Here you have Mendeley, which employed a particular strategy to maximize perceived value, rather than actual profits, and was sold off before breaking even. The product itself, and the features included, were likely influenced by this successful business approach.

And that makes for interesting questions about something like PeerJ. What sort of influence will VC ownership and business strategies have on the journal? It doesn’t preclude PeerJ from being rigorous or important and useful for the research community. But it will likely make the journal something different than if it were funded by other sources with other goals.

The key point, which is quite easily conveyed in 140 characters, is that non-profits have to be willing to fail if they want to be more like venture-funded startups.

There are many other points — that scientists and researchers should realize the difference between a VC-funded start-up and not be so naive that they are surprised when a VC-backed start-up cashes out by selling its assets to a larger entity; that in order to contemplate the riskiness you mention, they need to address certain financial and management realities, as well as cultural norms; that having VCs in our midst is a newer thing, and we should understand what it might mean; and that playing it safe isn’t playing it safe at all.

Which point is key? I don’t think you can actually reduce it that far. They are all related.

Kent: Perhaps I am wrong but I don’t think VC is new to the scientific community. When I go on campuses I see many with either University affiliated tech parks or research parks. Often these facilities are tied to VC monies.

When it comes to journals, I don’t think the researcher really cares if the start up is funded with VC money or grant money from say the Wellcome Trust. Nor do I think the community misunderstood PMC or Plos. In the founding days of PMC when at seminars or sessions regarding it, it was fairly evident that the goal was to get it up and running and then to sell it off. The community at that time, even with the knowledge of the end goal of PMC, were enraptured with the idea of OA and not the ramifications of the plans of the company.

My point is that they are new in scientific publishing, not in academia. You’re correct about that.

I think you meant “BMC” instead of “PMC.”

To your point, I think OA provides — rightly or wrongly — a halo effect that can blind people to what’s really going on, whether it’s funders colluding to launch a new journal (NIH, Wellcome, HHMI, and Max Planck around eLife), venture capitalists entering with new offerings they intend to sell off, or predatory publishers. We need to be smarter about these things. Being enraptured, to use your word, isn’t very level-headed.

I think we should be cautious in labeling all non-profits as too timid to take risks. Science is part of a not-for-profit, and they have a rich history (and present) with investing in new and unproven technologies and ventures.
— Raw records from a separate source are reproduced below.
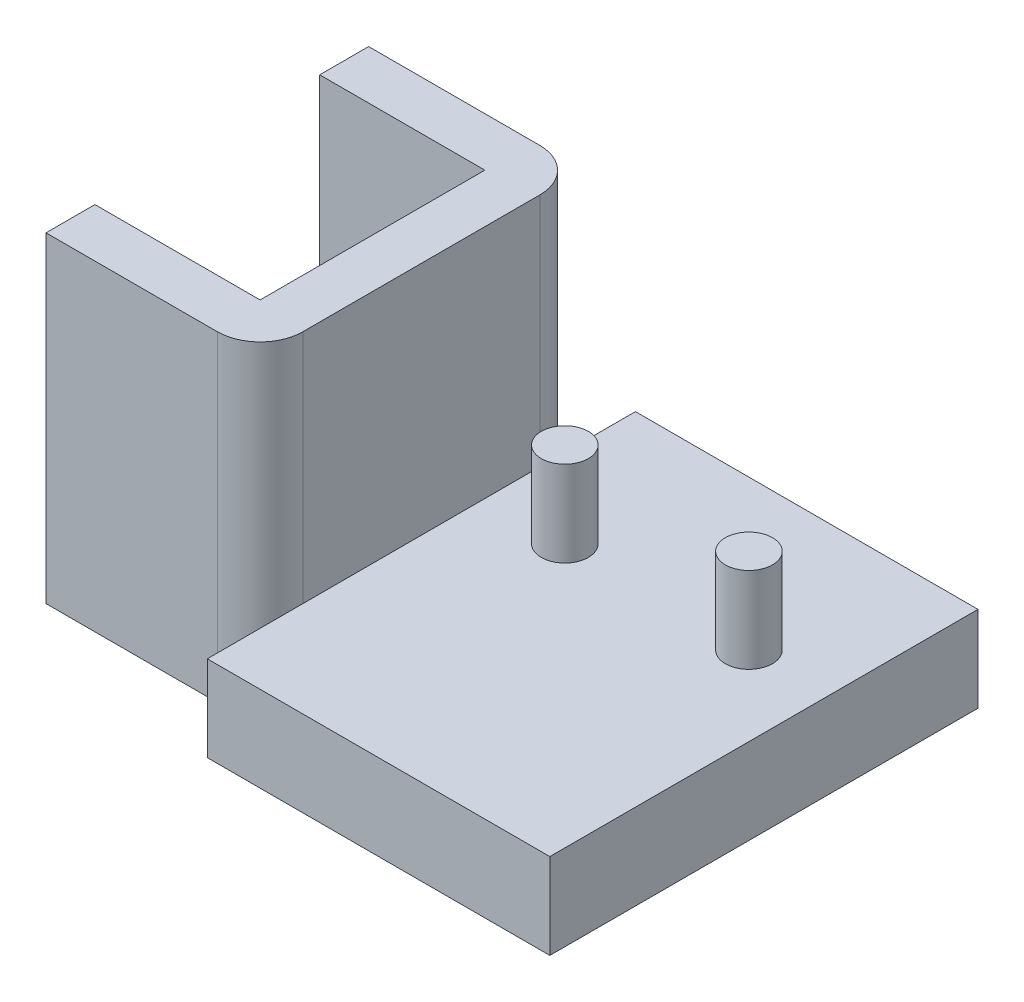
ISO-10303-21;
HEADER;
FILE_DESCRIPTION(('STEP AP214'),'2;1');
FILE_NAME('part.step','',(''),(''),'','','');
FILE_SCHEMA(('AUTOMOTIVE_DESIGN { 1 0 10303 214 1 1 1 1 }'));
ENDSEC;
DATA;
#1=APPLICATION_CONTEXT('core data for automotive mechanical design processes');
#2=APPLICATION_PROTOCOL_DEFINITION('international standard','automotive_design',2000,#1);
#3=PRODUCT_CONTEXT('',#1,'mechanical');
#4=PRODUCT('Part','Part','',(#3));
#5=PRODUCT_RELATED_PRODUCT_CATEGORY('part','',(#4));
#6=PRODUCT_DEFINITION_FORMATION('','',#4);
#7=PRODUCT_DEFINITION_CONTEXT('part definition',#1,'design');
#8=PRODUCT_DEFINITION('design','',#6,#7);
#9=PRODUCT_DEFINITION_SHAPE('','',#8);
#10=(LENGTH_UNIT() NAMED_UNIT(*) SI_UNIT(.MILLI.,.METRE.));
#11=(NAMED_UNIT(*) PLANE_ANGLE_UNIT() SI_UNIT($,.RADIAN.));
#12=(NAMED_UNIT(*) SI_UNIT($,.STERADIAN.) SOLID_ANGLE_UNIT());
#13=UNCERTAINTY_MEASURE_WITH_UNIT(LENGTH_MEASURE(1.E-05),#10,'distance_accuracy_value','');
#14=(GEOMETRIC_REPRESENTATION_CONTEXT(3) GLOBAL_UNCERTAINTY_ASSIGNED_CONTEXT((#13)) GLOBAL_UNIT_ASSIGNED_CONTEXT((#10,
#11,#12)) REPRESENTATION_CONTEXT('',''));
#15=CARTESIAN_POINT('',(0.,0.,0.));
#16=DIRECTION('',(0.,0.,1.));
#17=DIRECTION('',(1.,0.,0.));
#18=AXIS2_PLACEMENT_3D('',#15,#16,#17);
#19=CARTESIAN_POINT('',(3.61645179689281,15.,0.));
#20=DIRECTION('',(-1.,0.,0.));
#21=DIRECTION('',(0.,0.,1.));
#22=AXIS2_PLACEMENT_3D('',#19,#20,#21);
#23=PLANE('',#22);
#24=DIRECTION('',(0.,-1.,0.));
#25=VECTOR('',#24,1.);
#26=CARTESIAN_POINT('',(3.61645179689281,15.,1.20931638920193));
#27=LINE('',#26,#25);
#28=CARTESIAN_POINT('',(3.61645179689281,15.,1.20931638920193));
#29=VERTEX_POINT('',#28);
#30=CARTESIAN_POINT('',(3.61645179689281,4.,1.20931638920193));
#31=VERTEX_POINT('',#30);
#32=EDGE_CURVE('E220',#29,#31,#27,.T.);
#33=ORIENTED_EDGE('',*,*,#32,.T.);
#34=DIRECTION('',(0.,0.,1.));
#35=VECTOR('',#34,1.);
#36=CARTESIAN_POINT('',(3.61645179689282,4.,0.));
#37=LINE('',#36,#35);
#38=CARTESIAN_POINT('',(3.61645179689281,4.,-9.86068361079804));
#39=VERTEX_POINT('',#38);
#40=EDGE_CURVE('E55',#39,#31,#37,.T.);
#41=ORIENTED_EDGE('',*,*,#40,.F.);
#42=DIRECTION('',(0.,-1.,0.));
#43=VECTOR('',#42,1.);
#44=CARTESIAN_POINT('',(3.61645179689281,15.,-9.86068361079804));
#45=LINE('',#44,#43);
#46=CARTESIAN_POINT('',(3.61645179689281,15.,-9.86068361079804));
#47=VERTEX_POINT('',#46);
#48=EDGE_CURVE('E11',#47,#39,#45,.T.);
#49=ORIENTED_EDGE('',*,*,#48,.F.);
#50=DIRECTION('',(0.,0.,-1.));
#51=VECTOR('',#50,1.);
#52=CARTESIAN_POINT('',(3.61645179689281,15.,0.));
#53=LINE('',#52,#51);
#54=EDGE_CURVE('E190',#29,#47,#53,.T.);
#55=ORIENTED_EDGE('',*,*,#54,.F.);
#56=EDGE_LOOP('',(#33,#41,#49,#55));
#57=FACE_BOUND('',#56,.T.);
#58=ADVANCED_FACE('F40',(#57),#23,.F.);
#59=CARTESIAN_POINT('',(1.61645179689281,15.,-9.86068361079806));
#60=DIRECTION('',(0.,-1.,0.));
#61=DIRECTION('',(0.,0.,-1.));
#62=AXIS2_PLACEMENT_3D('',#59,#60,#61);
#63=CYLINDRICAL_SURFACE('',#62,2.);
#64=CARTESIAN_POINT('',(1.61645179689281,0.,-9.86068361079806));
#65=DIRECTION('',(0.,1.,0.));
#66=DIRECTION('',(0.,0.,1.));
#67=AXIS2_PLACEMENT_3D('',#64,#65,#66);
#68=CIRCLE('',#67,2.);
#69=CARTESIAN_POINT('',(3.61645179689282,0.,-9.86068361079804));
#70=VERTEX_POINT('',#69);
#71=CARTESIAN_POINT('',(1.6164517968928,0.,-11.8606836107981));
#72=VERTEX_POINT('',#71);
#73=EDGE_CURVE('E189',#70,#72,#68,.T.);
#74=ORIENTED_EDGE('',*,*,#73,.T.);
#75=DIRECTION('',(0.,-1.,0.));
#76=VECTOR('',#75,1.);
#77=CARTESIAN_POINT('',(1.6164517968928,15.,-11.8606836107981));
#78=LINE('',#77,#76);
#79=CARTESIAN_POINT('',(1.6164517968928,15.,-11.8606836107981));
#80=VERTEX_POINT('',#79);
#81=EDGE_CURVE('E48',#80,#72,#78,.T.);
#82=ORIENTED_EDGE('',*,*,#81,.F.);
#83=CARTESIAN_POINT('',(1.61645179689281,15.,-9.86068361079806));
#84=DIRECTION('',(0.,1.,0.));
#85=DIRECTION('',(0.,0.,1.));
#86=AXIS2_PLACEMENT_3D('',#83,#84,#85);
#87=CIRCLE('',#86,2.);
#88=EDGE_CURVE('E194',#47,#80,#87,.T.);
#89=ORIENTED_EDGE('',*,*,#88,.F.);
#90=ORIENTED_EDGE('',*,*,#48,.T.);
#91=DIRECTION('',(0.,-1.,0.));
#92=VECTOR('',#91,1.);
#93=CARTESIAN_POINT('',(3.61645179689281,15.,-9.86068361079806));
#94=LINE('',#93,#92);
#95=EDGE_CURVE('E180',#39,#70,#94,.T.);
#96=ORIENTED_EDGE('',*,*,#95,.T.);
#97=EDGE_LOOP('',(#74,#82,#89,#90,#96));
#98=FACE_BOUND('',#97,.T.);
#99=ADVANCED_FACE('F301',(#98),#63,.T.);
#100=CARTESIAN_POINT('',(0.,15.,-11.8606836107981));
#101=DIRECTION('',(0.,0.,1.));
#102=DIRECTION('',(1.,0.,0.));
#103=AXIS2_PLACEMENT_3D('',#100,#101,#102);
#104=PLANE('',#103);
#105=DIRECTION('',(-1.,0.,0.));
#106=VECTOR('',#105,1.);
#107=CARTESIAN_POINT('',(0.,0.,-11.8606836107981));
#108=LINE('',#107,#106);
#109=CARTESIAN_POINT('',(-6.38354820310719,0.,-11.8606836107981));
#110=VERTEX_POINT('',#109);
#111=EDGE_CURVE('E223',#72,#110,#108,.T.);
#112=ORIENTED_EDGE('',*,*,#111,.T.);
#113=DIRECTION('',(0.,-1.,0.));
#114=VECTOR('',#113,1.);
#115=CARTESIAN_POINT('',(-6.38354820310719,15.,-11.8606836107981));
#116=LINE('',#115,#114);
#117=CARTESIAN_POINT('',(-6.38354820310719,15.,-11.8606836107981));
#118=VERTEX_POINT('',#117);
#119=EDGE_CURVE('E270',#118,#110,#116,.T.);
#120=ORIENTED_EDGE('',*,*,#119,.F.);
#121=DIRECTION('',(-1.,0.,0.));
#122=VECTOR('',#121,1.);
#123=CARTESIAN_POINT('',(0.,15.,-11.8606836107981));
#124=LINE('',#123,#122);
#125=EDGE_CURVE('E198',#80,#118,#124,.T.);
#126=ORIENTED_EDGE('',*,*,#125,.F.);
#127=ORIENTED_EDGE('',*,*,#81,.T.);
#128=EDGE_LOOP('',(#112,#120,#126,#127));
#129=FACE_BOUND('',#128,.T.);
#130=ADVANCED_FACE('F279',(#129),#104,.F.);
#131=CARTESIAN_POINT('',(-6.38354820310719,15.,0.));
#132=DIRECTION('',(1.,0.,0.));
#133=DIRECTION('',(0.,0.,-1.));
#134=AXIS2_PLACEMENT_3D('',#131,#132,#133);
#135=PLANE('',#134);
#136=DIRECTION('',(0.,0.,1.));
#137=VECTOR('',#136,1.);
#138=CARTESIAN_POINT('',(-6.38354820310719,0.,0.));
#139=LINE('',#138,#137);
#140=CARTESIAN_POINT('',(-6.38354820310719,0.,-9.57568361079805));
#141=VERTEX_POINT('',#140);
#142=EDGE_CURVE('E226',#110,#141,#139,.T.);
#143=ORIENTED_EDGE('',*,*,#142,.T.);
#144=DIRECTION('',(0.,-1.,0.));
#145=VECTOR('',#144,1.);
#146=CARTESIAN_POINT('',(-6.38354820310719,15.,-9.57568361079805));
#147=LINE('',#146,#145);
#148=CARTESIAN_POINT('',(-6.38354820310719,15.,-9.57568361079805));
#149=VERTEX_POINT('',#148);
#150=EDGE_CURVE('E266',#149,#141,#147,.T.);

Having worked for a small university press though, we just didn’t have the funding available for anything too grandiose, but it wasn’t a question of being risk averse, more it was a question of priorities. Any money the press made was always seen as money that could be put to funding research at the institution. It’s hard to justify wanting to play around with a few million dollars to try out some unproven social media technology when instead you could get a few million dollars closer to curing cancer.

Additionally, one only has to look at IEEE and ACS to see very aggressive activities in creating new products. Additionally, some new products are done only for membership and when membership is some 50K or more these products have to be attractive.

To say that Mendeley’s approach was to ‘divide and conquer’ is peculiar. A more accurate (and far less emotive) analysis is simply to recognise a smart piece of brand marketing when you see one. The founders of Mendeley spotted a gap in the market and exploited it to the full. OK, a few high profile users have taken issue with the sale and the founders have ‘cashed out’. Good luck to them. The vast majority of scholars who use Mendeley on a regular basis will not be unduly concerned about the issues you raise; they will vote with their feet and continue to use Mendeley for as long as it adds value to their scholarly endeavours. It’s about value, not dogma. Surely this is the point.